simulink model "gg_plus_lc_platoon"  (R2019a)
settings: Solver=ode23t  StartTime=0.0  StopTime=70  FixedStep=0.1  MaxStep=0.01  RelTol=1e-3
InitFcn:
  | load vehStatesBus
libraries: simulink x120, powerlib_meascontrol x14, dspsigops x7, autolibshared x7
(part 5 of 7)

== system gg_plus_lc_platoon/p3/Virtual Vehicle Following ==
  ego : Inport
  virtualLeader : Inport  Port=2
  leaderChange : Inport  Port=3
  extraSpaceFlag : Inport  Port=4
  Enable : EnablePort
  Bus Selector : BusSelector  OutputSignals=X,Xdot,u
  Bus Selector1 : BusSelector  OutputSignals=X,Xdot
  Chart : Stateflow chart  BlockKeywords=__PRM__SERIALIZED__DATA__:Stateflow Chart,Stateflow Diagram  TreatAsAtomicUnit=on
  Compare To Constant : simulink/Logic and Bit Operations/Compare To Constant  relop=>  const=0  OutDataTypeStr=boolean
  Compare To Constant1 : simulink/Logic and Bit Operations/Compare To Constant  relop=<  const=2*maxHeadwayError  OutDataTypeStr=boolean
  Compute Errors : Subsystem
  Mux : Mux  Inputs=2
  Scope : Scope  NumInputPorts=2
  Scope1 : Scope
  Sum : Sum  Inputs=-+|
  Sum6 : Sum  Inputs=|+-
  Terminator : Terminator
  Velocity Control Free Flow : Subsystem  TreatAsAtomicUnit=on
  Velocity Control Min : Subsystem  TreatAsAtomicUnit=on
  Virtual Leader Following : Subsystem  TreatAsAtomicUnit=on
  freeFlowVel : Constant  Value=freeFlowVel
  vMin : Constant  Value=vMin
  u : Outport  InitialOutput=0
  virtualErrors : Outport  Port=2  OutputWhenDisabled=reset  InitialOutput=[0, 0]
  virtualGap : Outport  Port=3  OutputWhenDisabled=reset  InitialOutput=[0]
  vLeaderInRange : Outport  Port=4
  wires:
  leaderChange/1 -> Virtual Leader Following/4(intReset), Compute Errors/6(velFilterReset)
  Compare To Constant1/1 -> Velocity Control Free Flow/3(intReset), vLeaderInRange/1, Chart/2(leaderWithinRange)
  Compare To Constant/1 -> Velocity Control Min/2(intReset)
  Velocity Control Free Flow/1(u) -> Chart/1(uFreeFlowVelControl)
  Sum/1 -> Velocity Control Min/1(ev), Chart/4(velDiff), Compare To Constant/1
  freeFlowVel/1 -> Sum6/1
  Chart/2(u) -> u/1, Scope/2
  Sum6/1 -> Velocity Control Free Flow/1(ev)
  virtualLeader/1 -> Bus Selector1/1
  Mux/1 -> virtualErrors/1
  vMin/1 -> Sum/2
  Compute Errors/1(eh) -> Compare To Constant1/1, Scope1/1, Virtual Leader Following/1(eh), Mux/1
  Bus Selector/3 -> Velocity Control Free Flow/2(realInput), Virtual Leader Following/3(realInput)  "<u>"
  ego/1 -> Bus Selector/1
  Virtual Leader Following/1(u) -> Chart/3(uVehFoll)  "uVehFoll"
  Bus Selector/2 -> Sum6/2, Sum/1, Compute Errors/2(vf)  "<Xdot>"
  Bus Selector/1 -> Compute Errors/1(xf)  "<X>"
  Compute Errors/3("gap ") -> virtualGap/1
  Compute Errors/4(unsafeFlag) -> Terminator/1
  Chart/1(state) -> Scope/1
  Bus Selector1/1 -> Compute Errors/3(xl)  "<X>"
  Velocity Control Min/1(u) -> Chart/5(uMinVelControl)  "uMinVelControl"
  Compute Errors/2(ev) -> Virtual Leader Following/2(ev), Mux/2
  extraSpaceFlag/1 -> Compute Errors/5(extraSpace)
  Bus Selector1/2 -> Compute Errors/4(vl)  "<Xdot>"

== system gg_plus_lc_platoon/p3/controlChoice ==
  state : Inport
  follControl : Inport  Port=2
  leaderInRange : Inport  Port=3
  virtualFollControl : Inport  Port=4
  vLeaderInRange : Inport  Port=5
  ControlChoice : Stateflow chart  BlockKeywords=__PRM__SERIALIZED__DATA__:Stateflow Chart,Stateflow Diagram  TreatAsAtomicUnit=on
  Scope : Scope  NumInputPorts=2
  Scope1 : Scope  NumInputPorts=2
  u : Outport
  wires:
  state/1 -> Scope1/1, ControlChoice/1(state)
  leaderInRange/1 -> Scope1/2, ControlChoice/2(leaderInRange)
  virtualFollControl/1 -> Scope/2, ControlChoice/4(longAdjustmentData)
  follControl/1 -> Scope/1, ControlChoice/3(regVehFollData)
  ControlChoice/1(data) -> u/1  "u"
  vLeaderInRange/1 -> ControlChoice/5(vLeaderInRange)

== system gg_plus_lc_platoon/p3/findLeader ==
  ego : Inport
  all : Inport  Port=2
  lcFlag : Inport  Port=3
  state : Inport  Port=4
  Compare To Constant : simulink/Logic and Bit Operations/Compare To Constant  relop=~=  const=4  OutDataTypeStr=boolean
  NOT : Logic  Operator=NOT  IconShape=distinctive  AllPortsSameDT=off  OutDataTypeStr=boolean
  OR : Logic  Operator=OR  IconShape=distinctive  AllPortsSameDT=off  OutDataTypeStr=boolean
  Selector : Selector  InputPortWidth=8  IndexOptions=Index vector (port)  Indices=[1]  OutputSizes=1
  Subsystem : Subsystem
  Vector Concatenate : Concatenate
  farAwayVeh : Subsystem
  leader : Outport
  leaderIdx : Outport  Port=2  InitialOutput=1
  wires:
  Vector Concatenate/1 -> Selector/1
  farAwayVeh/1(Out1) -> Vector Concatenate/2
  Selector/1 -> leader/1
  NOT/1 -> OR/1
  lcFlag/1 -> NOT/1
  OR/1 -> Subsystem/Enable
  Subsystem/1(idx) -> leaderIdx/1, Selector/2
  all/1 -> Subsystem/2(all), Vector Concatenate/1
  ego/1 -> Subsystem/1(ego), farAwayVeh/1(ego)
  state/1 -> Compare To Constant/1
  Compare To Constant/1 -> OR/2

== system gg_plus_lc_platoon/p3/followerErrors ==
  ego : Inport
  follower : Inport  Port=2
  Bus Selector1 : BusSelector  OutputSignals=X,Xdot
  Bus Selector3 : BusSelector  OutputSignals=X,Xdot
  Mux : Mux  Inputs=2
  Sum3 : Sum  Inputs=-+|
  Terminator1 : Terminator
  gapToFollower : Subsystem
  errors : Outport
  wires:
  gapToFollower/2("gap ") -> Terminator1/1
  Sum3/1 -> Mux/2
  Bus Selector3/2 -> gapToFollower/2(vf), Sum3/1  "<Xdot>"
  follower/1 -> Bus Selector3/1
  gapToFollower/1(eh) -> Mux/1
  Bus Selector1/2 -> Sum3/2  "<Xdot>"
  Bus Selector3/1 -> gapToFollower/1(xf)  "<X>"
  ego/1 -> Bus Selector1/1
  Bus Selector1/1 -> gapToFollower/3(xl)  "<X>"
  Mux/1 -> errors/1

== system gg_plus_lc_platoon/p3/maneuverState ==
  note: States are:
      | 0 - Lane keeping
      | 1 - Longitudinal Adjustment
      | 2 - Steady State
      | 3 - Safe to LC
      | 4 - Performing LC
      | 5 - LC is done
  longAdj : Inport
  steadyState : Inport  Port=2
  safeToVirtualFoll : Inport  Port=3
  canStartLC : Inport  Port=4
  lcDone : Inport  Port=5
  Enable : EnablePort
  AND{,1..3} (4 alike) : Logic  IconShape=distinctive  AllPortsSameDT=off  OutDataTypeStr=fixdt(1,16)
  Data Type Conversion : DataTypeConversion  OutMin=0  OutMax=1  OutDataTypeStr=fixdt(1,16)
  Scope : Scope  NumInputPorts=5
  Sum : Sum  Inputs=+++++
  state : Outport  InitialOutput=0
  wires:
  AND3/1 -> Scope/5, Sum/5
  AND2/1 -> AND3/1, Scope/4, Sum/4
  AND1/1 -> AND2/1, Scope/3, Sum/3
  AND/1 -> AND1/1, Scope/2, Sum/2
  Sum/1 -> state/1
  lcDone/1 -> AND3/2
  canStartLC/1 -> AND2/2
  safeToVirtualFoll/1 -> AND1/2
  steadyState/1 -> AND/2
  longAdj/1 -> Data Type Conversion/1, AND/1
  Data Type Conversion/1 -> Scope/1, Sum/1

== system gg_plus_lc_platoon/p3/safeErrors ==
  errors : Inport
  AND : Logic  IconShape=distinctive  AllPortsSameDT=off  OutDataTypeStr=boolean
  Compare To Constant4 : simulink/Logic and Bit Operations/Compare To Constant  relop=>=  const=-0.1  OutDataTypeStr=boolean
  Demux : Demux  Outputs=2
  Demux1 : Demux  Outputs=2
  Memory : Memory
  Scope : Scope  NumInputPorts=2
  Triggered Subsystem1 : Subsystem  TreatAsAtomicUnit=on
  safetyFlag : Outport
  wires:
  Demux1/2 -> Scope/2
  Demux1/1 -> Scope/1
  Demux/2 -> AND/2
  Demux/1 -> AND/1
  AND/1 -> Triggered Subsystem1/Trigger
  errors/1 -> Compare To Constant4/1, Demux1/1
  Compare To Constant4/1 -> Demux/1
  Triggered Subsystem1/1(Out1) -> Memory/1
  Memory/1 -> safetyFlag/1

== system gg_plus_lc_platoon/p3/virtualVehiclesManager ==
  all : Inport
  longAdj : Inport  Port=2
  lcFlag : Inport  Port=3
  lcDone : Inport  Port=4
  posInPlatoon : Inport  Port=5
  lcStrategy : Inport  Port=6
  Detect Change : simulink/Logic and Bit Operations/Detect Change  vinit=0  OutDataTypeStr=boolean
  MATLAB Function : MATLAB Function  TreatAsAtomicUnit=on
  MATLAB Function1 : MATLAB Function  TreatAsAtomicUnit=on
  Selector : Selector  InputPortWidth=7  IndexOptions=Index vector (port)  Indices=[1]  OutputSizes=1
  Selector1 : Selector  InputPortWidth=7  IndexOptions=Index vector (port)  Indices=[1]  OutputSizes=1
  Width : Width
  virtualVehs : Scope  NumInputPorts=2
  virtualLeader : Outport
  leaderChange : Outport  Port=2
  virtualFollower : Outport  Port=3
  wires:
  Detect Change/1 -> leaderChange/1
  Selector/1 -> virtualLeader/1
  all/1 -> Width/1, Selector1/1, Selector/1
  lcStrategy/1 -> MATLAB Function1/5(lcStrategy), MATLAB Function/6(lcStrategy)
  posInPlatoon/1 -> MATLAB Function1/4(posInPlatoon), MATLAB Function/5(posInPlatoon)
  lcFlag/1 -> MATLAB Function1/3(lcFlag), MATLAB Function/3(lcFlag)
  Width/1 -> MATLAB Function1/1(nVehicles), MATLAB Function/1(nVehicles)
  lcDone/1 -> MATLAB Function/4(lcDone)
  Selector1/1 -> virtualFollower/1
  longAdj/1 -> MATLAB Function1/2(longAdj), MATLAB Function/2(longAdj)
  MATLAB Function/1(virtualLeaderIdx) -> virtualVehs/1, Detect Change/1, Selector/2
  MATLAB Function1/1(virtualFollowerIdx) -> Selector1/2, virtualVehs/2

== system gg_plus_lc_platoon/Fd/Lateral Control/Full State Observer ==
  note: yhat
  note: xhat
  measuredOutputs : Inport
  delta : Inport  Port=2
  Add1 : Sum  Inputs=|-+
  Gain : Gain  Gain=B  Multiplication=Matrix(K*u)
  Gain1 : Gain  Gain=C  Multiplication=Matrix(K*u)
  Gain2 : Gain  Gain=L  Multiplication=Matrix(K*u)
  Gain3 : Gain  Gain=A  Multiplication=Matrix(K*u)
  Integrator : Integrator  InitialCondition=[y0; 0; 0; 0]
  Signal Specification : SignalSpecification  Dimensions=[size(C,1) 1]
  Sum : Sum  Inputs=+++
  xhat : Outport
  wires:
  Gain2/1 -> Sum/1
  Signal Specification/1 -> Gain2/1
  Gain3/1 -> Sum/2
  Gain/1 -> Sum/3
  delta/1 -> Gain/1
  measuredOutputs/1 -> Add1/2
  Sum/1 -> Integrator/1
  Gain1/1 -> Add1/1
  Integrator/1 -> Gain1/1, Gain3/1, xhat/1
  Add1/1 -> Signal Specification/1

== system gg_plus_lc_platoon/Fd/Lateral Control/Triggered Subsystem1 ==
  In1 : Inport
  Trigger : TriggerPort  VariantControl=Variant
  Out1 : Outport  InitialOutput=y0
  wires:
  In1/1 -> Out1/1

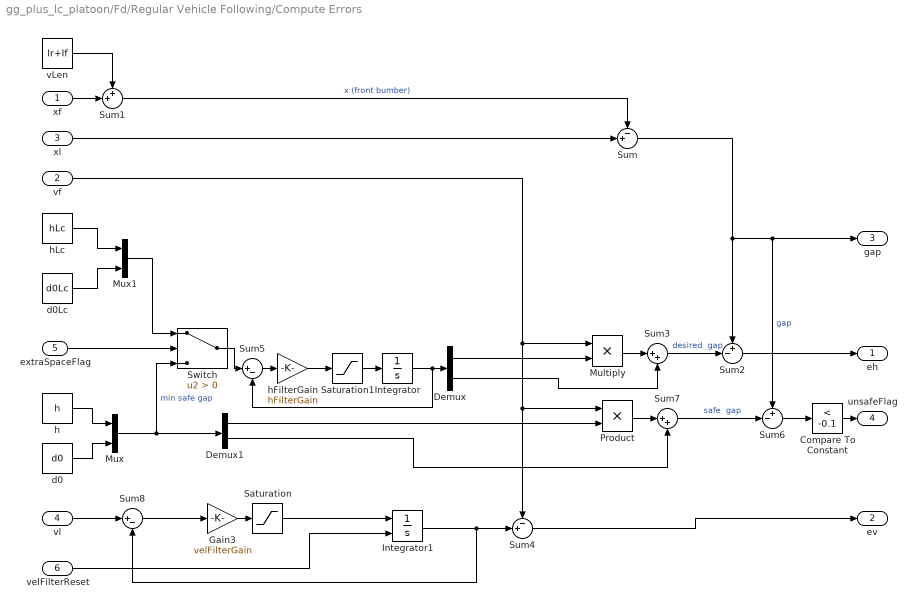
== system gg_plus_lc_platoon/Fd/Regular Vehicle Following/Compute Errors ==
  xf : Inport
  vf : Inport  Port=2
  xl : Inport  Port=3
  vl : Inport  Port=4
  extraSpaceFlag : Inport  Port=5
  velFilterReset : Inport  Port=6
  Compare To Constant : simulink/Logic and Bit Operations/Compare To Constant  relop=<  const=-0.1  OutDataTypeStr=boolean
  Demux : Demux  Outputs=2
  Demux1 : Demux  Outputs=2
  Gain3 : Gain  Gain=velFilterGain
  Integrator : Integrator  InitialCondition=[h d0]
  Integrator1 : Integrator  ExternalReset=rising  InitialCondition=vx0
  Multiply : Product
  Mux : Mux  Inputs=2
  Mux1 : Mux  Inputs=2
  Product : Product
  Saturation : Saturate  UpperLimit=maxAcceleration  LowerLimit=minAcceleration
  Saturation1 : Saturate  UpperLimit=hFilterSaturation  LowerLimit=-hFilterSaturation
  Sum : Sum  Inputs=-+|
  Sum1 : Sum  Inputs=++|
  Sum2 : Sum  Inputs=+-|
  Sum3 : Sum  Inputs=|++
  Sum4 : Sum  Inputs=-+|
  Sum5 : Sum  Inputs=|+-
  Sum6 : Sum  Inputs=+-|
  Sum7 : Sum  Inputs=|++
  Sum8 : Sum  Inputs=|+-
  Switch : Switch  Criteria=u2 > Threshold
  d0 : Constant  Value=d0
  d0Lc : Constant  Value=d0Lc
  h : Constant  Value=h
  hFilterGain : Gain  Gain=hFilterGain
  hLc : Constant  Value=hLc
  vLen : Constant  Value=lr+lf
  eh : Outport
  ev : Outport  Port=2
  "gap " : Outport  Port=3
  unsafeFlag : Outport  Port=4
  wires:
  Sum8/1 -> Gain3/1
  Integrator1/1 -> Sum4/2, Sum8/2
  Saturation/1 -> Integrator1/1
  Gain3/1 -> Saturation/1
  Sum4/1 -> ev/1
  vl/1 -> Sum8/1
  d0Lc/1 -> Mux1/2
  hFilterGain/1 -> Saturation1/1
  Demux/1 -> Multiply/2
  xf/1 -> Sum1/2
  Sum/1 -> Sum2/1, "gap "/1, Sum6/1  "gap"
  Multiply/1 -> Sum3/1
  Demux1/2 -> Sum7/2
  hLc/1 -> Mux1/1
  vLen/1 -> Sum1/1
  Demux/2 -> Sum3/2
  Switch/1 -> Sum5/1
  Sum5/1 -> hFilterGain/1
  vf/1 -> Multiply/1, Product/1, Sum4/1
  Sum1/1 -> Sum/1  "x (front bumber)"
  Sum3/1 -> Sum2/2  "desired  gap"
  h/1 -> Mux/1
  Product/1 -> Sum7/1
  xl/1 -> Sum/2
  extraSpaceFlag/1 -> Switch/2
  Sum2/1 -> eh/1
  Compare To Constant/1 -> unsafeFlag/1
  Demux1/1 -> Product/2
  Integrator/1 -> Sum5/2, Demux/1
  d0/1 -> Mux/2
  Mux1/1 -> Switch/1
  Sum7/1 -> Sum6/2  "safe  gap"
  Mux/1 -> Demux1/1, Switch/3  "min safe gap"
  Sum6/1 -> Compare To Constant/1
  velFilterReset/1 -> Integrator1/2
  Saturation1/1 -> Integrator/1

== system gg_plus_lc_platoon/Fd/Regular Vehicle Following/Veh Following ==
  eh : Inport
  ev : Inport  Port=2
  realInput : Inport  Port=3
  intReset : Inport  Port=4
  Anti-windup gain : Gain  Gain=sqrt(Ki/Kd)
  Integrator : Integrator  ExternalReset=rising
  Kd : Gain  Gain=Kd
  Ki : Gain  Gain=Ki
  Kp : Gain  Gain=Kp
  Saturation1 : Saturate  UpperLimit=maxHeadwayError  LowerLimit=minHeadwayError
  Scope : Scope  NumInputPorts=4
  Sum : Sum  Inputs=|-+
  Sum1 : Sum  Inputs=+++
  Sum5 : Sum  Inputs=-+|
  u : Outport
  wires:
  intReset/1 -> Integrator/2
  ev/1 -> Kd/1
  Ki/1 -> Sum5/2
  Anti-windup gain/1 -> Sum5/1
  Sum5/1 -> Integrator/1
  Kp/1 -> Sum1/2, Scope/2
  Kd/1 -> Sum1/3, Scope/3
  Saturation1/1 -> Ki/1, Kp/1
  eh/1 -> Saturation1/1
  Sum1/1 -> u/1, Sum/2, Scope/4
  realInput/1 -> Sum/1
  Sum/1 -> Anti-windup gain/1
  Integrator/1 -> Scope/1, Sum1/1

== system gg_plus_lc_platoon/Fd/Regular Vehicle Following/Velocity Control ==
  velocity : Inport
  realInput : Inport  Port=2
  intReset : Inport  Port=3
  Anti-windup gain : Gain  Gain=velKp/velKi
  Integrator2 : Integrator  ExternalReset=falling
  Sum : Sum  Inputs=|+-
  Sum1 : Sum  Inputs=|-+
  Sum2 : Sum  Inputs=-+|
  Sum3 : Sum  Inputs=|++
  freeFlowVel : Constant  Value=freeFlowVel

▬▬▬▬▬▬▬▬▬▬

Search the records for the word "OutputSignals", then list every line that has it.

  Bus Selector : BusSelector  OutputSignals=X,Xdot,u
  Bus Selector1 : BusSelector  OutputSignals=X,Xdot
  Bus Selector1 : BusSelector  OutputSignals=X,Xdot
  Bus Selector3 : BusSelector  OutputSignals=X,Xdot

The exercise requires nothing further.